Bitter laughter rang throughout Lombardy when, in spite of his efforts to
save his daughter's husband, Giacomo Piaveni suffered death. No harder
blow had ever befallen the count: it was as good as a public proclamation
that he possessed small influence. To have bent the knee was not
afflicting to this nobleman's conscience: but it was an anguish to think
of having bent the knee for nothing.

Giacomo Piaveni was a noble Italian of the young blood, son of a General
loved by Eugene. In him the loss of Italy was deplorable. He perished
by treachery at the age of twenty-three years. So splendid was this
youth in appearance, of so sweet a manner with women, and altogether so-
gentle and gallant, that it was a widowhood for women to have known him:
and at his death the hearts of two women who had loved him in rivalry
became bound by a sacred tie of friendship. He, though not of
distinguished birth, had the choice of an almost royal alliance in the
first blush of his manhood. He refused his chance, pleading in excuse to
Count Serabiglione, that he was in love with that nobleman's daughter,
Laura; which it flattered the count to hear, but he had ever after a
contempt for the young man's discretion, and was observed to shrug, with
the smooth sorrowfulness of one who has been a prophet, on the day when
Giacomo was shot.

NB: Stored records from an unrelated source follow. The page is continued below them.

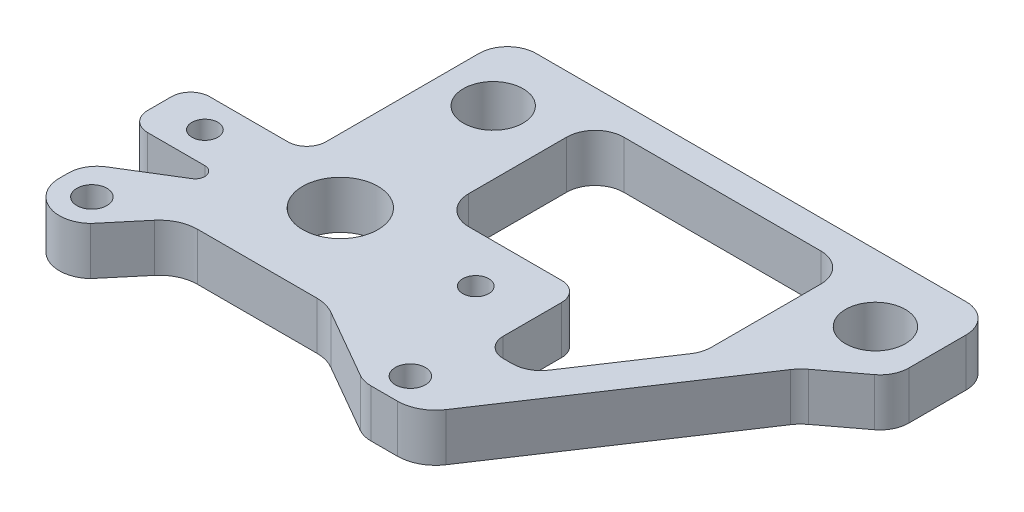
from build123d import *

# Parameters (mm, degrees)
SKETCH4_R           = 2
SKETCH4_R_2         = 1.7272
SKETCH4_R_3         = 5
SKETCH4_R_4         = 3.96875
BOSS_EXTRUDE2_DEPTH = 6.35
FILLET1_R           = 5.08
FILLET7_R           = 3.81
FILLET9_R           = 5.08
FILLET10_R          = 1.27
FILLET11_R          = 3.81
FILLET12_R          = 2.54
FILLET13_R          = 3.81


with BuildPart() as part:
    # Sketch4 → Boss-Extrude2 (new body)
    with BuildSketch(Plane(origin=(0, 0, 0), x_dir=(1, 0, 0), z_dir=(0, 1, 0))):
        with BuildLine():
            Line((22.483900583, -18.4375), (28.735494078, -18.4375))
            Line((28.735494078, -18.4375), (48.985566477, 12.027918285))
            Line((48.985566477, 12.027918285), (54.680415238, 16.319294633))
            ThreePointArc((54.680415238, 16.319294633), (55.797199918, 17.662082259), (56.1975, 19.362095927))
            Line((56.1975, 19.362095927), (56.1975, 26.9875))
            ThreePointArc((56.1975, 26.9875), (55.081576836, 29.681576836), (52.3875, 30.7975))
            Line((52.3875, 30.7975), (-4.7625, 30.7975))
            ThreePointArc((-4.7625, 30.7975), (-7.456576836, 29.681576836), (-8.5725, 26.9875))
            Line((-8.5725, 26.9875), (-8.5725, 12.607500122))
            Line((-8.5725, 12.607500122), (-8.5725, 4.1275))
            Line((-8.5725, 4.1275), (-24.03032317, 4.1275))
            Line((-24.03032317, 4.1275), (-24.03032317, -4.1275))
            Line((-24.03032317, -4.1275), (-9.399713355, -4.1275))
            Line((-9.399713355, -4.1275), (-22.098, -11.933490986))
            Line((-22.098, -11.933490986), (-22.098, -15.24))
            ThreePointArc((-22.098, -15.24), (-19.494143335, -19.203185162), (-14.822948297, -18.386580561))
            Line((-14.822948297, -18.386580561), (-9.399713355, -11.933490986))
            Line((-9.399713355, -11.933490986), (10.16293305, -11.933490986))
            Line((10.16293305, -11.933490986), (20.583679925, -17.929811531))
            ThreePointArc((20.583679925, -17.929811531), (21.500464498, -18.308390309), (22.483900583, -18.4375))
        make_face()
        with Locations((-17.78, -15.24)):
            Circle(SKETCH4_R, mode=Mode.SUBTRACT)
        with Locations((-18.000000004, 0)):
            Circle(SKETCH4_R_2, mode=Mode.SUBTRACT)
        Circle(SKETCH4_R_3, mode=Mode.SUBTRACT)
        with Locations((24.012521227, -14.703599027)):
            Circle(SKETCH4_R, mode=Mode.SUBTRACT)
        with Locations((18.000000004, 0)):
            Circle(SKETCH4_R_2, mode=Mode.SUBTRACT)
        with Locations((-1.5875, 21.9075)):
            Circle(SKETCH4_R_4, mode=Mode.SUBTRACT)
        Polygon((6.882386285, 6.3725), (6.882386285, 26.9875), (40.692955064, 26.9875), (40.692955064, 7.472580753), (31.404651622, -6.501297657), (25.585775375, -6.501297657), (25.585775375, 6.3725), align=None, mode=Mode.SUBTRACT)
        with Locations((49.2125, 21.9075)):
            Circle(SKETCH4_R_4, mode=Mode.SUBTRACT)
    extrude(amount=-BOSS_EXTRUDE2_DEPTH)

    # Fillet1
    fillet1_edges = [part.edges().sort_by_distance(p)[0] for p in [
        (48.985566477, -3.175, -12.027918285),
        (28.735494078, -3.175, 18.4375),
    ]]
    fillet(fillet1_edges, radius=FILLET1_R)

    # Fillet7
    fillet7_edges = [part.edges().sort_by_distance(p)[0] for p in [
        (40.692955064, -3.175, -7.472580753),
        (40.692955064, -3.175, -26.9875),
        (6.882386285, -3.175, -26.9875),
        (6.882386285, -3.175, -6.3725),
    ]]
    fillet(fillet7_edges, radius=FILLET7_R)

    # Fillet9
    fillet9_edges = [part.edges().sort_by_distance(p)[0] for p in [
        (10.16293305, -3.175, 11.933490986),
        (-9.399713355, -3.175, 11.933490986),
    ]]
    fillet(fillet9_edges, radius=FILLET9_R)

    # Fillet10
    fillet10_edges = [part.edges().sort_by_distance(p)[0] for p in [
        (-9.399713355, -3.175, 4.1275),
    ]]
    fillet(fillet10_edges, radius=FILLET10_R)

    # Fillet11
    fillet11_edges = [part.edges().sort_by_distance(p)[0] for p in [
        (-22.098, -3.175, 11.933490986),
    ]]
    fillet(fillet11_edges, radius=FILLET11_R)

    # Fillet12
    fillet12_edges = [part.edges().sort_by_distance(p)[0] for p in [
        (25.585775375, -3.175, -6.3725),
        (25.585775375, -3.175, 6.501297657),
        (-24.03032317, -3.175, 4.1275),
        (-24.03032317, -3.175, -4.1275),
        (-8.5725, -3.175, -4.1275),
    ]]
    fillet(fillet12_edges, radius=FILLET12_R)

    # Fillet13
    fillet13_edges = [part.edges().sort_by_distance(p)[0] for p in [
        (31.404651622, -3.175, 6.501297657),
    ]]
    fillet(fillet13_edges, radius=FILLET13_R)


solid = part.part

The larger estates of the Piaveni family, then in
Giacomo's hands, were in a famous cheese-making district, producing a
delicious cheese:--'white as lambkins!' the count would ejaculate most
dolefully; and in a rapture of admiration, 'You would say, a marble
quarry when you cut into it.' The theme was afflicting, for all the
estates of Giacomo were for the time forfeit, and the pleasant agitation
produced among his senses by the mention of the cheese reminded him at
the same instant that he had to support a widow with two children. The
Signora Piaveni lived in Milan, and the count her father visited her
twice during the summer months, and wrote to her from his fitful Winter
residences in various capital cities, to report progress in the settled
scheme for the recovery of Giacomo's property, as well for his widow as
for the heirs of his body. 'It is a duty,' Count Serabiglione said
emphatically. 'My daughter can entertain no proposal until her children
are duly established; or would she, who is young and lovely and archly
capricious, continue to decline the very best offers of the Milanese
nobility, and live on one flat in an old quarter of the city, instead of
in a bright and handsome street, musical with equipages, and full of the
shows of life?'

In conjunction with certain friends of the signora, the count worked
diligently for the immediate restitution of the estates. He was ably
seconded by the young princess of Schyll-Weilingen,--by marriage countess
of Fohrendorf, duchess of Graatli, in central Germany, by which title she
passed,--an Austrian princess; she who had loved Giacomo, and would have
given all for him, and who now loved his widow. The extreme and painful
difficulty was that the Signora Piaveni made no concealment of her
abhorrence of the House of Austria, and hatred of Austrian rule in Italy.